> _Problem description_
Scan the listing for the word "mirror" and give the number of lines where it appears, with no other text.

> _Input material_
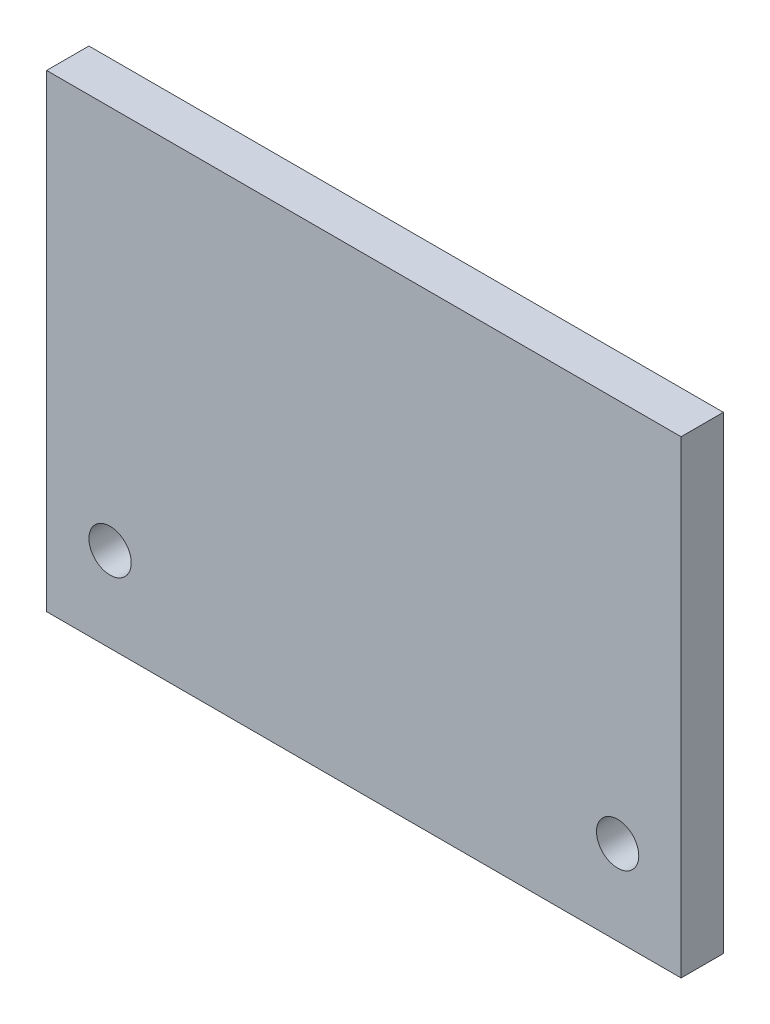
SolidWorks part; units mm, degrees
ref_plane "Front Plane" through (0, 0, 0) normal (0, 0, 1) x (1, 0, 0)
ref_plane "Top Plane" through (0, 0, 0) normal (0, 1, 0) x (1, 0, 0)
ref_plane "Right Plane" through (0, 0, 0) normal (1, 0, 0) x (0, 0, -1)
sketch "Sketch1" plane through (0, 0, 0) normal (0, 0, 1) x (1, 0, 0)
  line L1 (-6.35, 98.5775) -> (88.9, 98.5775)
  line L2 (-6.35, 98.5775) -> (-6.35, 28.203)
  line L3 (-6.35, 28.203) -> (88.9, 28.203)
  line L4 (88.9, 98.5775) -> (88.9, 28.203)
extrude "Boss-Extrude1" add sketch "Sketch1" against normal blind 6.35 contours L1 L4 L3 L2
sketch "Sketch2" plane through (0, 0, 0) normal (0, 0, 1) x (1, 0, 0)
  line L0 (-6.35, 28.203) -> (88.9, 28.203) construction
  line L1 (88.9, 98.5775) -> (88.9, 28.203) construction
  line L2 (-6.35, 98.5775) -> (-6.35, 28.203) construction
  circle A0 centre (79.375, 40.903) radius 3.175
  circle A1 centre (3.175, 40.903) radius 3.175
  dimension "D1" = 12.7
  dimension "D2" = 6.35
  dimension "D3" = 12.7
  dimension "D4" = 6.35
  dimension "D5" = 9.525
  dimension "D6" = 9.525
extrude "Cut-Extrude1" cut sketch "Sketch2" against normal blind 6.35
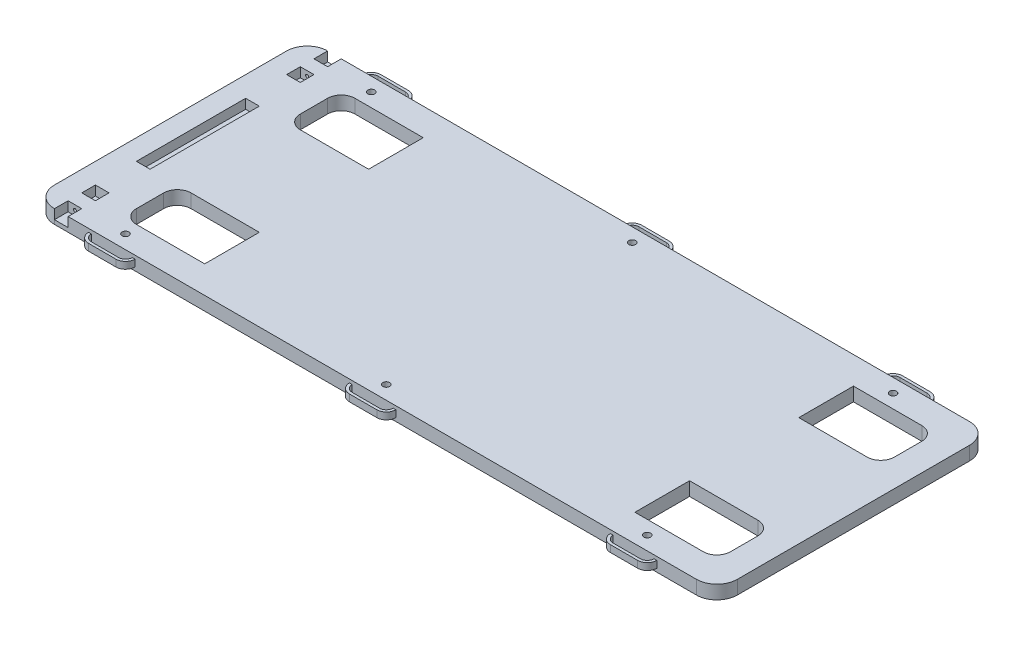
SolidWorks part; units mm, degrees
ref_plane "Front Plane" through (0, 0, 0) normal (0, 0, 1) x (1, 0, 0)
ref_plane "Top Plane" through (0, 0, 0) normal (0, 1, 0) x (1, 0, 0)
ref_plane "Right Plane" through (0, 0, 0) normal (1, 0, 0) x (0, 0, -1)
sketch "Main Body" plane through (0, 0, 0) normal (0, 1, 0) x (1, 0, 0)
  line L0 (-317.5, -107.95) -> (-317.5, 107.95)
  line L1 (-298.45, 127) -> (298.45, 127)
  line L2 (-298.45, -127) -> (298.45, -127)
  line L3 (317.5, 107.95) -> (317.5, -107.95)
  line L4 (-317.5, 0) -> (317.5, 0) construction
  arc A0 (-317.5, 107.95) -> (-298.45, 127) centre (-298.45, 107.95) cw
  arc A1 (-298.45, -127) -> (-317.5, -107.95) centre (-298.45, -107.95) cw
  arc A2 (298.45, 127) -> (317.5, 107.95) centre (298.45, 107.95) cw
  arc A3 (317.5, -107.95) -> (298.45, -127) centre (298.45, -107.95) cw
  point P14 (0, 0)
  dimension "D3" = 19.05
  dimension "D1" = 254
  dimension "D2" = 635
extrude "Boss-Extrude1" add sketch "Main Body" along normal blind 12.7
sketch "Sketch2" plane through (0, 0, 127) normal (0, 0, 1) x (1, 0, 0)
  line L0 (-298.45, 0) -> (298.45, 0) construction
  line L1 (-298.45, 12.7) -> (-260.35, 12.7)
  line L3 (-273.05, 0) -> (-260.35, 0)
sketch "Backrest Bracket Slot" plane through (0, 0, 127) normal (0, 0, 1) x (1, 0, 0)
  line L1 (-298.45, 12.7) -> (-285.75, 12.7)
  line L2 (-298.45, 12.7) -> (-298.45, 3.81)
  line L3 (-298.45, 3.81) -> (-285.75, 3.81)
  line L4 (-285.75, 12.7) -> (-285.75, 3.81)
  dimension "D1" = 12.7
  dimension "D2" = 8.89
extrude "Cut-Extrude3" cut sketch "Backrest Bracket Slot" against normal blind 12.7
sketch "Backrest Screw Hole" plane through (0, 0, 114.3) normal (0, 0, 1) x (1, 0, 0)
  line L0 (-298.45, 8.255) -> (-285.75, 8.255) construction
  line L1 (-298.45, 12.7) -> (-298.45, 3.81) construction
  line L2 (-285.75, 3.81) -> (-285.75, 12.7) construction
  circle A0 centre (-292.1, 8.255) radius 1.397
  dimension "D1" = 2.794
extrude "Cut-Extrude4" cut sketch "Backrest Screw Hole" against normal blind 6.35
mirror "Mirror1" about plane through (0, 0, 0) normal (0, 0, 1) of "Cut-Extrude4", "Cut-Extrude3"
sketch "Couch Foot Slits" plane through (0, 12.7, 0) normal (0, 1, 0) x (1, 0, 0)
  line L0 (-285.75, 114.3) -> (-285.75, -114.3) construction
  line L1 (-247.65, 101.6) -> (-184.15, 101.6)
  line L2 (-247.65, 50.8) -> (-184.15, 50.8)
  line L3 (-260.35, 88.9) -> (-260.35, 63.5)
  line L4 (292.1, 88.9) -> (292.1, 63.5)
  line L5 (-247.65, -50.8) -> (-184.15, -50.8)
  line L6 (-247.65, -101.6) -> (-184.15, -101.6)
  line L7 (-260.35, -63.5) -> (-260.35, -88.9)
  line L8 (292.1, -63.5) -> (292.1, -88.9)
  line L9 (317.5, -107.95) -> (317.5, 107.95) construction
  line L10 (298.45, 127) -> (-285.75, 127) construction
  line L12 (-285.75, -127) -> (298.45, -127) construction
  line L14 (215.9, 101.6) -> (279.4, 101.6)
  line L16 (-184.15, 101.6) -> (-184.15, 50.8)
  line L18 (215.9, 101.6) -> (215.9, 50.8)
  line L20 (-184.15, -50.8) -> (-184.15, -101.6)
  line L22 (215.9, -50.8) -> (215.9, -101.6)
  line L23 (215.9, 50.8) -> (279.4, 50.8)
  line L24 (215.9, -50.8) -> (279.4, -50.8)
  line L25 (215.9, -101.6) -> (279.4, -101.6)
  arc A0 (-260.35, 88.9) -> (-247.65, 101.6) centre (-247.65, 88.9) cw
  arc A1 (-247.65, 50.8) -> (-260.35, 63.5) centre (-247.65, 63.5) cw
  arc A2 (279.4, 101.6) -> (292.1, 88.9) centre (279.4, 88.9) cw
  arc A3 (292.1, 63.5) -> (279.4, 50.8) centre (279.4, 63.5) cw
  arc A4 (-260.35, -63.5) -> (-247.65, -50.8) centre (-247.65, -63.5) cw
  arc A5 (-247.65, -101.6) -> (-260.35, -88.9) centre (-247.65, -88.9) cw
  arc A6 (279.4, -50.8) -> (292.1, -63.5) centre (279.4, -63.5) cw
  arc A7 (292.1, -88.9) -> (279.4, -101.6) centre (279.4, -88.9) cw
  dimension "D6" = 12.7
  dimension "D9" = 12.7
  dimension "D1" = 25.4
  dimension "D2" = 25.4
  dimension "D3" = 25.4
  dimension "D4" = 25.4
  dimension "D5" = 101.6
  dimension "D7" = 76.2
  dimension "D8" = 76.2
extrude "Cut-Extrude5" cut sketch "Couch Foot Slits" against normal blind 25.4
ref_plane "Central Plane" through (0, 6.35, 0) normal (0, 1, 0) x (1, 0, 0)
sketch "Sketch24" plane through (0, 6.35, 0) normal (0, 1, 0) x (1, 0, 0)
  line L0 (-285.75, -127) -> (298.45, -127) construction
  line L1 (-15.24, -133.35) -> (10.16, -133.35)
  line L2 (-264.16, -127) -> (-264.16, -101.5898) construction
  line L3 (-257.81, -133.35) -> (-232.41, -133.35)
  line L5 (-257.81, -135.89) -> (-232.41, -135.89)
  line L7 (-266.7, -127) -> (-264.16, -127)
  line L8 (-226.06, -127) -> (-223.52, -127)
  line L9 (16.51, -127) -> (19.05, -127)
  line L10 (-15.24, -135.89) -> (10.16, -135.89)
  line L11 (-24.13, -127) -> (-21.59, -127)
  line L12 (227.33, -133.35) -> (252.73, -133.35)
  line L13 (259.08, -127) -> (261.62, -127)
  line L14 (227.33, -135.89) -> (252.73, -135.89)
  line L15 (218.44, -127) -> (220.98, -127)
  line L16 (-257.81, -133.35) -> (-15.24, -133.35) construction
  arc A0 (-257.81, -133.35) -> (-264.16, -127) centre (-257.81, -127) cw
  arc A1 (-257.81, -135.89) -> (-266.7, -127) centre (-257.81, -127) cw
  arc A2 (-232.41, -135.89) -> (-223.52, -127) centre (-232.41, -127) ccw
  arc A3 (-232.41, -133.35) -> (-226.06, -127) centre (-232.41, -127) ccw
  arc A4 (10.16, -133.35) -> (16.51, -127) centre (10.16, -127) ccw
  arc A5 (10.16, -135.89) -> (19.05, -127) centre (10.16, -127) ccw
  arc A6 (-15.24, -135.89) -> (-24.13, -127) centre (-15.24, -127) cw
  arc A7 (-15.24, -133.35) -> (-21.59, -127) centre (-15.24, -127) cw
  arc A8 (252.73, -133.35) -> (259.08, -127) centre (252.73, -127) ccw
  arc A9 (252.73, -135.89) -> (261.62, -127) centre (252.73, -127) ccw
  arc A10 (227.33, -135.89) -> (218.44, -127) centre (227.33, -127) cw
  arc A11 (227.33, -133.35) -> (220.98, -127) centre (227.33, -127) cw
  dimension "D2" = 2.54
  dimension "D1" = 2.54
  dimension "D3" = 38.1
  dimension "D4" = 25.4
  dimension "D5" = 19.05
  dimension "D7" = 242.57
  dimension "D6" = 3
extrude "Boss-Extrude2" add sketch "Sketch24" along normal mid plane 6.35
mirror "Mirror2" about plane through (0, 0, 0) normal (0, 0, 1) of "Boss-Extrude2"
sketch "Sketch37" plane through (0, 12.7, 0) normal (0, 1, 0) x (1, 0, 0)
  line L0 (-298.45, 114.3) -> (-298.45, 127) construction
  line L1 (-298.45, 50.8) -> (-285.75, 50.8)
  line L2 (-298.45, 50.8) -> (-298.45, -50.8)
  line L3 (-298.45, -50.8) -> (-285.75, -50.8)
  line L4 (-285.75, 50.8) -> (-285.75, -50.8)
  line L5 (-285.75, 114.3) -> (-285.75, 127) construction
  line L6 (-292.1, 114.3) -> (-290.703, -114.3) construction
  line L7 (-285.75, 114.3) -> (-298.45, 114.3) construction
  point P13 (-285.75, 0)
  point P14 (-291.4015, 0)
  dimension "D1" = 101.6
extrude "Cut-Extrude7" cut sketch "Sketch37" against normal blind 8.89
sketch "Sketch38" plane through (0, 12.7, 0) normal (0, 1, 0) x (1, 0, 0)
  line L0 (-266.7, -127) -> (-223.52, -127) construction
  line L1 (-221.2987, -101.6) -> (-221.2987, -127) construction
  line L2 (-247.65, -101.6) -> (-184.15, -101.6) construction
  line L3 (-21.59, -127) -> (16.51, -127) construction
  line L4 (220.98, -127) -> (259.08, -127) construction
  circle A0 centre (-245.11, -114.3) radius 3.175
  circle A1 centre (-2.54, -114.3) radius 3.175
  circle A2 centre (240.03, -114.3) radius 3.175
  point P6 (-245.11, -127)
  point P11 (-221.2987, -114.3)
  point P18 (-2.54, -127)
  point P25 (240.03, -127)
  dimension "D1" = 6.35
extrude "Cut-Extrude8" cut sketch "Sketch38" against normal up to next (12.7 mm away)
mirror "Mirror3" about plane through (0, 0, 0) normal (0, 0, 1) of "Cut-Extrude8"
sketch "Sketch39" plane through (0, 12.7, 0) normal (0, 1, 0) x (1, 0, 0)
  line L0 (-298.45, -114.3) -> (-298.45, -127) construction
  line L1 (-298.45, -101.6) -> (-285.75, -101.6)
  line L2 (-298.45, -101.6) -> (-298.45, -88.9)
  line L3 (-298.45, -88.9) -> (-285.75, -88.9)
  line L4 (-285.75, -101.6) -> (-285.75, -88.9)
  line L5 (-285.75, -114.3) -> (-285.75, -127) construction
  line L6 (-285.75, -114.3) -> (-298.45, -114.3) construction
  dimension "D1" = 12.7
extrude "Cut-Extrude9" cut sketch "Sketch39" against normal up to surface (8.89 mm away) up to face at (-292.1, 3.81, 120.65)
sketch "Sketch40" plane through (0, 0, 114.3) normal (0, 0, 1) x (1, 0, 0)
  circle A0 centre (-292.1, 8.255) radius 1.397
  circle A1 centre (-292.1, 8.255) radius 1.397 construction
extrude "Cut-Extrude10" cut sketch "Sketch40" against normal up to next
mirror "Mirror5" about plane through (0, 0, 0) normal (0, 0, 1) of "Cut-Extrude9", "Cut-Extrude10"
equation "\"0.4n\"=0.5"

> _Response_
4